Extracted records -
+===+

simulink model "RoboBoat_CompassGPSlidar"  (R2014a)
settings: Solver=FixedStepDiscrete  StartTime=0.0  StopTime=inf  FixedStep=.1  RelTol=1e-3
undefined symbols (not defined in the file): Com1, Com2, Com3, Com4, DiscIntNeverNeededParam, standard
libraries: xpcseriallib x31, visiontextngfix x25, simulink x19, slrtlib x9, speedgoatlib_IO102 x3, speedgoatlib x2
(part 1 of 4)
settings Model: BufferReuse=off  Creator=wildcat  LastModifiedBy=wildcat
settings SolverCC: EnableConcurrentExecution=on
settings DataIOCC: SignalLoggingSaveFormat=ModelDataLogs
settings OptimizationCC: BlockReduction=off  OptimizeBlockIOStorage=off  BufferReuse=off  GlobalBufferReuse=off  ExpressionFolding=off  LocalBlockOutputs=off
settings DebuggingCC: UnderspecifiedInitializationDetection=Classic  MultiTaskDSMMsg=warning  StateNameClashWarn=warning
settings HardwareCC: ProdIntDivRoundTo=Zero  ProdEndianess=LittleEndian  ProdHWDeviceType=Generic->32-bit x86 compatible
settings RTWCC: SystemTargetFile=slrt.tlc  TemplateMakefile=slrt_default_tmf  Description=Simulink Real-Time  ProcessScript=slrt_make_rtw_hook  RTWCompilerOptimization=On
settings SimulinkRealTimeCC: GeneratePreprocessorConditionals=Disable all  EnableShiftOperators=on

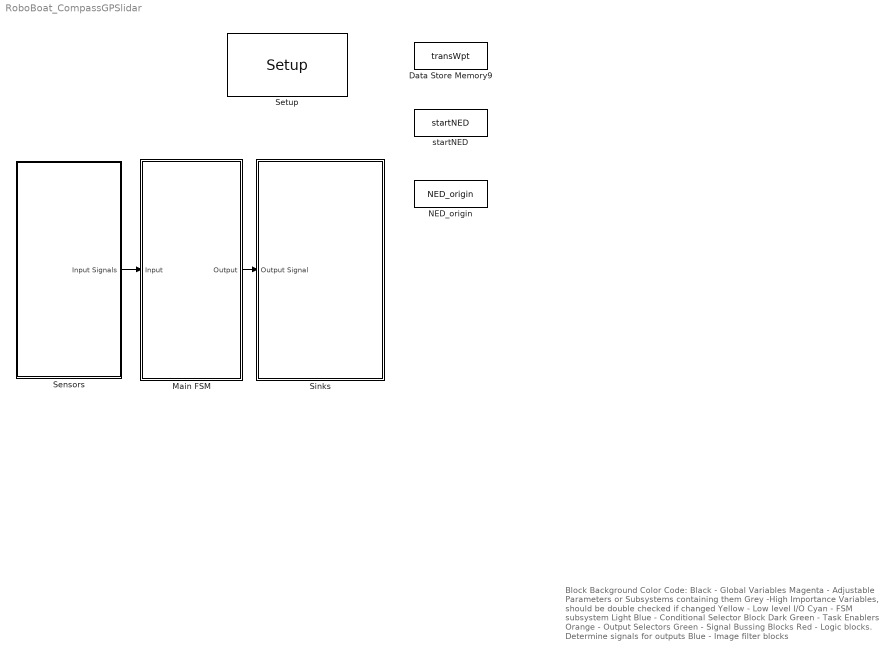
== system RoboBoat_CompassGPSlidar ==
  note: Block Background Color Code:
      | Black - Global Variables
      | Magenta - Adjustable Parameters or Subsystems containing them
      | Grey -High Importance Variables, should be double checked if changed
      | Yellow - Low level I/O
      | Cyan - FSM subsystem
      | Light Blue - Conditional Selector Block
      | Dark Green - Task Enablers
      | Orange - Output Selectors
      | Green - Signal Bussing Blocks
      | Red - Logic blocks. Determine signals for outputs
      | Blue - Image filter blocks
  Data Store Memory9 : DataStoreMemory  DataStoreName=transWpt  ReadBeforeWriteMsg=warning  WriteAfterWriteMsg=warning  WriteAfterReadMsg=warning  InitialValue=[4009.4964500000, 7532.95009000000]
  Main FSM : Subsystem
  NED_origin : DataStoreMemory  DataStoreName=NED_origin  ReadBeforeWriteMsg=warning  WriteAfterWriteMsg=warning  WriteAfterReadMsg=warning  InitialValue=[40.0395828333333, -74.6736588333333]  VectorParams1D=off
  Sensors : Subsystem
  Setup : speedgoatlib_IO102/Setup  group=Digital output setup  id=1  range=+-5V  cal=off  pciSlot=-1  adChannelMode=Multiple-channel (enter number of channels below)  adChannel=16  adCoupling=Differential  daChannel=[1,2,3,4]  daReset=[1]  daInitValue=[0]  diChannel=[1,2,3,4,5,6,7,8]  doChannel=[1,2,3,4,5,6,7,8]  doReset=[1]  doInitValue=[0]
  Sinks : Subsystem
  startNED : DataStoreMemory  DataStoreName=startNED  ReadBeforeWriteMsg=warning  WriteAfterWriteMsg=warning  WriteAfterReadMsg=warning  InitialValue=[10 10]  VectorParams1D=off
  wires:
  Sensors/1(Input Signals) -> Main FSM/1(Input)
  Main FSM/1(Output) -> Sinks/1(Output Signal)

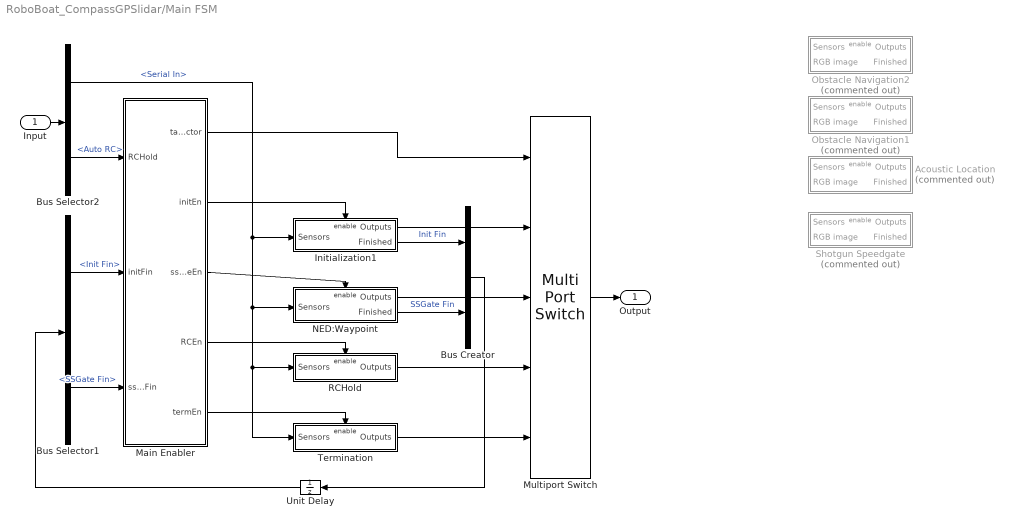
== system RoboBoat_CompassGPSlidar/Main FSM ==
  Input : Inport
  Acoustic Location : Subsystem  Commented=on  TreatAsAtomicUnit=on
  Bus Creator : BusCreator  Inputs=2
  Bus Selector1 : BusSelector  OutputSignals=Init Fin,SSGate Fin
  Bus Selector2 : BusSelector  OutputSignals=Serial In,Digital In.Auto RC
  Initialization1 : Subsystem
  Main Enabler : MATLAB Function  TreatAsAtomicUnit=on
  Multiport Switch : MultiPortSwitch  Inputs=4
  NED:Waypoint : Subsystem  TreatAsAtomicUnit=on
  Obstacle Navigation1 : Subsystem  Commented=on  TreatAsAtomicUnit=on
  Obstacle Navigation2 : Subsystem  Commented=on  TreatAsAtomicUnit=on
  RCHold : Subsystem
  Shotgun Speedgate : Subsystem  Commented=on  TreatAsAtomicUnit=on
  Termination : Subsystem  TreatAsAtomicUnit=on
  Unit Delay : UnitDelay  SampleTime=-1
  Output : Outport
  wires:
  Bus Creator/1 -> Unit Delay/1
  Initialization1/1(Outputs) -> Multiport Switch/2
  Multiport Switch/1 -> Output/1
  Main Enabler/1(taskSelector) -> Multiport Switch/1
  Initialization1/2(Finished) -> Bus Creator/1  "Init Fin"
  Unit Delay/1 -> Bus Selector1/1
  Input/1 -> Bus Selector2/1
  Main Enabler/2(initEn) -> Initialization1/Enable
  Termination/1(Outputs) -> Multiport Switch/5
  RCHold/1(Outputs) -> Multiport Switch/4
  Main Enabler/4(RCEn) -> RCHold/Enable
  Main Enabler/5(termEn) -> Termination/Enable
  Bus Selector2/1 -> Termination/1(Sensors), RCHold/1(Sensors), NED:Waypoint/1(Sensors), Initialization1/1(Sensors)  "<Serial In>"
  NED:Waypoint/2(Finished) -> Bus Creator/2  "SSGate Fin"
  NED:Waypoint/1(Outputs) -> Multiport Switch/3
  Main Enabler/3(ssGateEn) -> NED:Waypoint/Enable
  Bus Selector1/1 -> Main Enabler/2(initFin)  "<Init Fin>"
  Bus Selector1/2 -> Main Enabler/3(ssGateFin)  "<SSGate Fin>"
  Bus Selector2/2 -> Main Enabler/1(RCHold)  "<Auto RC>"

== system RoboBoat_CompassGPSlidar/Sensors ==
  1020 Comms : Subsystem  Commented=on
  Baseboard Serial : Subsystem
  Bus Creator : BusCreator  Inputs=2
  Digital In : Subsystem
  data log : Subsystem
  Input Signals : Outport
  wires:
  Baseboard Serial/1(Serial Inputs) -> Bus Creator/1
  Digital In/1(Digital In) -> Bus Creator/2
  Bus Creator/1 -> data log/1(Sensors signal), Input Signals/1  "Serial In"

== system RoboBoat_CompassGPSlidar/Sinks ==
  Output Signal : Inport
  Bus Selector : BusSelector  OutputSignals=Sensors.Compass.Heading,Outputs.Control Signals
  actuators : Subsystem
  wires:
  Bus Selector/2 -> actuators/2(Control Signals)  "<Control Signals>"
  Bus Selector/1 -> actuators/1(Compass Heading)  "<Heading>"
  Output Signal/1 -> Bus Selector/1

== system RoboBoat_CompassGPSlidar/Main FSM/Acoustic Location ==
  note: Acoustic Location
  Sensors : Inport
  RGB image : Inport  Port=2
  Enable : EnablePort  ShowOutputPort=on
  Annotate Task : visiontextngfix/Insert Text  inputType=Obsolete  theText='Acoustic Location...'  getTextLocFrom=Specify via dialog  textLoc=[10 10]  getTextColorFrom=Specify via dialog  textColor=[0 0 255]  getTextIntensityFrom=Specify via dialog  textIntensity=0  getTextOpacityFrom=Specify via dialog  textOpacity=1.0  dummyVar2=0  dummyVar3=0  dummyVar4=0  imagePorts=One multidimensional signal  isInputTransposed=off  fontFace=LucidaSansRegular  dummyVar1=0  blockFontSize=12  antiAliased=on
  Bus Selector : BusSelector  OutputSignals=Serial In.Compass.Heading
  Compare To Constant : simulink/Logic and Bit Operations/Compare To Constant  relop=>=  const=10  OutDataTypeStr=boolean
  Constant : Constant  Value=0
  Data Type Conversion : DataTypeConversion  OutDataTypeStr=double
  Discrete-Time Integrator : DiscreteIntegrator  SampleTime=0.1  ICPrevOutput=DiscIntNeverNeededParam  ICPrevScaledInput=DiscIntNeverNeededParam
  Output Heirarchy : Subsystem
  Outputs : Outport
  Finished : Outport  Port=2
  wires:
  Sensors/1 -> Output Heirarchy/3(Sensors), Bus Selector/1  "Sensors"
  Bus Selector/1 -> Output Heirarchy/2(Desired Heading)  "<Heading>"
  RGB image/1 -> Annotate Task/1
  Annotate Task/1 -> Output Heirarchy/1(Annotated Image)
  Output Heirarchy/1(Outputs) -> Outputs/1
  Compare To Constant/1 -> Data Type Conversion/1
  Enable/1 -> Discrete-Time Integrator/1
  Discrete-Time Integrator/1 -> Compare To Constant/1
  Constant/1 -> Output Heirarchy/4(Request Number)
  Data Type Conversion/1 -> Finished/1

== system RoboBoat_CompassGPSlidar/Main FSM/Initialization1 ==
  Sensors : Inport
  Enable : EnablePort  ShowOutputPort=on
  Bus Selector : BusSelector  OutputSignals=Compass.Heading
  Compare To Constant : simulink/Logic and Bit Operations/Compare To Constant  relop=>=  const=5  OutDataTypeStr=boolean
  Constant : Constant  Value=0
  Data Type Conversion : DataTypeConversion  OutDataTypeStr=double
  Discrete-Time Integrator : DiscreteIntegrator  SampleTime=-1  ICPrevOutput=DiscIntNeverNeededParam  ICPrevScaledInput=DiscIntNeverNeededParam
  Output Heirarchy : Subsystem
  Outputs : Outport
  Finished : Outport  Port=2
  wires:
  Sensors/1 -> Bus Selector/1, Output Heirarchy/2(Sensors)  "Sensors"
  Bus Selector/1 -> Output Heirarchy/1(Desired Heading)  "<Heading>"
  Output Heirarchy/1(Outputs) -> Outputs/1
  Compare To Constant/1 -> Data Type Conversion/1
  Enable/1 -> Discrete-Time Integrator/1
  Discrete-Time Integrator/1 -> Compare To Constant/1
  Constant/1 -> Output Heirarchy/3(Request Number)
  Data Type Conversion/1 -> Finished/1

== system RoboBoat_CompassGPSlidar/Main FSM/NED:Waypoint ==
  Sensors : Inport
  Enable : EnablePort
  Bus Selector2 : BusSelector  OutputSignals=GPS.X,GPS.Y,Compass.Heading
  Data Store Read3 : DataStoreRead  DataStoreName=startNED
  Demux : Demux  Outputs=2
  Model : ModelReference  ModelNameDialog=NEDnavV5.slx  SimulationMode=Normal  ModelReferenceVersion=1.2059  CopyOfModelName=NEDnavV5.slx  DefaultDataLogging=on
  Output Heirarchy : Subsystem
  Outputs : Outport
  Finished : Outport  Port=2
  wires:
  Model/1 -> Output Heirarchy/2(RPM)
  Model/2 -> Output Heirarchy/3(Desired Heading)
  Model/3 -> Finished/1
  Output Heirarchy/1(Outputs) -> Outputs/1
  Sensors/1 -> Bus Selector2/1, Output Heirarchy/1(Sensors)
  Bus Selector2/1 -> Model/1  "<X>"
  Bus Selector2/2 -> Model/2  "<Y>"
  Bus Selector2/3 -> Model/3  "<Heading>"
  Data Store Read3/1 -> Demux/1
  Demux/1 -> Model/4
  Demux/2 -> Model/5

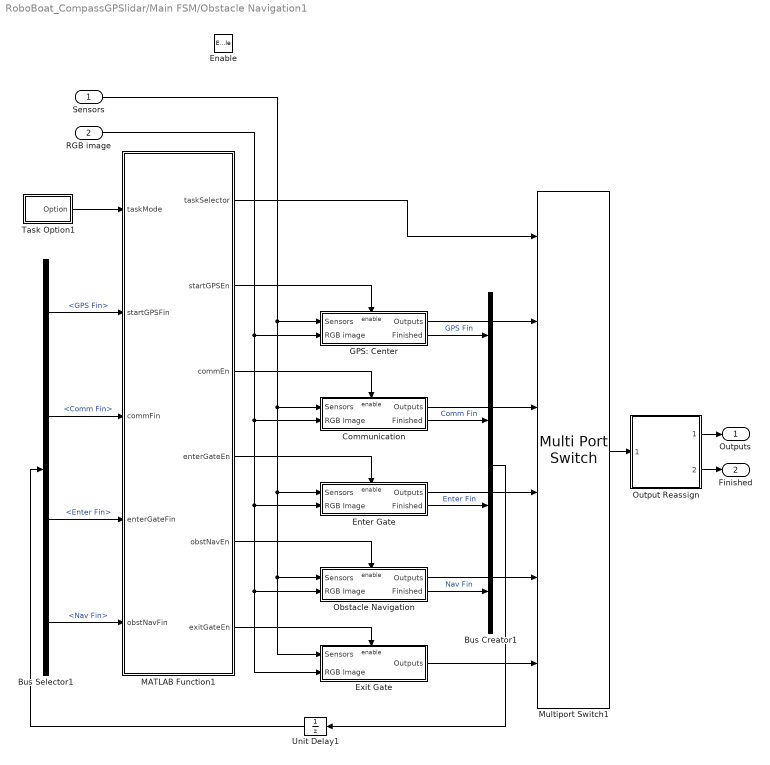
== system RoboBoat_CompassGPSlidar/Main FSM/Obstacle Navigation1 ==
  Sensors : Inport
  RGB image : Inport  Port=2
  Enable : EnablePort
  Bus Creator1 : BusCreator
  Bus Selector1 : BusSelector  OutputSignals=GPS Fin,Comm Fin,Enter Fin,Nav Fin
  Communication : Subsystem  TreatAsAtomicUnit=on
  Enter Gate : Subsystem  TreatAsAtomicUnit=on
  Exit Gate : Subsystem  TreatAsAtomicUnit=on
  GPS: Center : Subsystem  TreatAsAtomicUnit=on
  MATLAB Function1 : MATLAB Function  TreatAsAtomicUnit=on
  Multiport Switch1 : MultiPortSwitch  Inputs=5
  Obstacle Navigation : Subsystem  TreatAsAtomicUnit=on
  Output Reassign : Subsystem
  Task Option1 : Subsystem
  Unit Delay1 : UnitDelay  SampleTime=-1
  Outputs : Outport
  Finished : Outport  Port=2
  wires:
  Task Option1/1(Option) -> MATLAB Function1/1(taskMode)
  MATLAB Function1/2(startGPSEn) -> GPS: Center/Enable
  GPS: Center/1(Outputs) -> Multiport Switch1/2
  MATLAB Function1/1(taskSelector) -> Multiport Switch1/1
  MATLAB Function1/3(commEn) -> Communication/Enable
  MATLAB Function1/6(exitGateEn) -> Exit Gate/Enable
  MATLAB Function1/5(obstNavEn) -> Obstacle Navigation/Enable
  MATLAB Function1/4(enterGateEn) -> Enter Gate/Enable
  GPS: Center/2(Finished) -> Bus Creator1/1  "GPS Fin"
  Communication/2(Finished) -> Bus Creator1/2  "Comm Fin"
  Enter Gate/2(Finished) -> Bus Creator1/3  "Enter Fin"
  Obstacle Navigation/2(Finished) -> Bus Creator1/4  "Nav Fin"
  Obstacle Navigation/1(Outputs) -> Multiport Switch1/5
  Enter Gate/1(Outputs) -> Multiport Switch1/4
  Communication/1(Outputs) -> Multiport Switch1/3
  Bus Creator1/1 -> Unit Delay1/1
  Unit Delay1/1 -> Bus Selector1/1
  Bus Selector1/1 -> MATLAB Function1/2(startGPSFin)  "<GPS Fin>"
  Bus Selector1/2 -> MATLAB Function1/3(commFin)  "<Comm Fin>"
  Bus Selector1/3 -> MATLAB Function1/4(enterGateFin)  "<Enter Fin>"
  Bus Selector1/4 -> MATLAB Function1/5(obstNavFin)  "<Nav Fin>"
  Exit Gate/1(Outputs) -> Multiport Switch1/6
  Sensors/1 -> GPS: Center/1(Sensors), Communication/1(Sensors), Enter Gate/1(Sensors), Exit Gate/1(Sensors), Obstacle Navigation/1(Sensors)
  RGB image/1 -> GPS: Center/2(RGB image), Communication/2(RGB Image), Enter Gate/2(RGB Image), Exit Gate/2(RGB Image), Obstacle Navigation/2(RGB Image)
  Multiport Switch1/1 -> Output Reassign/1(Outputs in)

+===+

Within the entries above, how many lines contain the word "RCHold"? State the number only.

5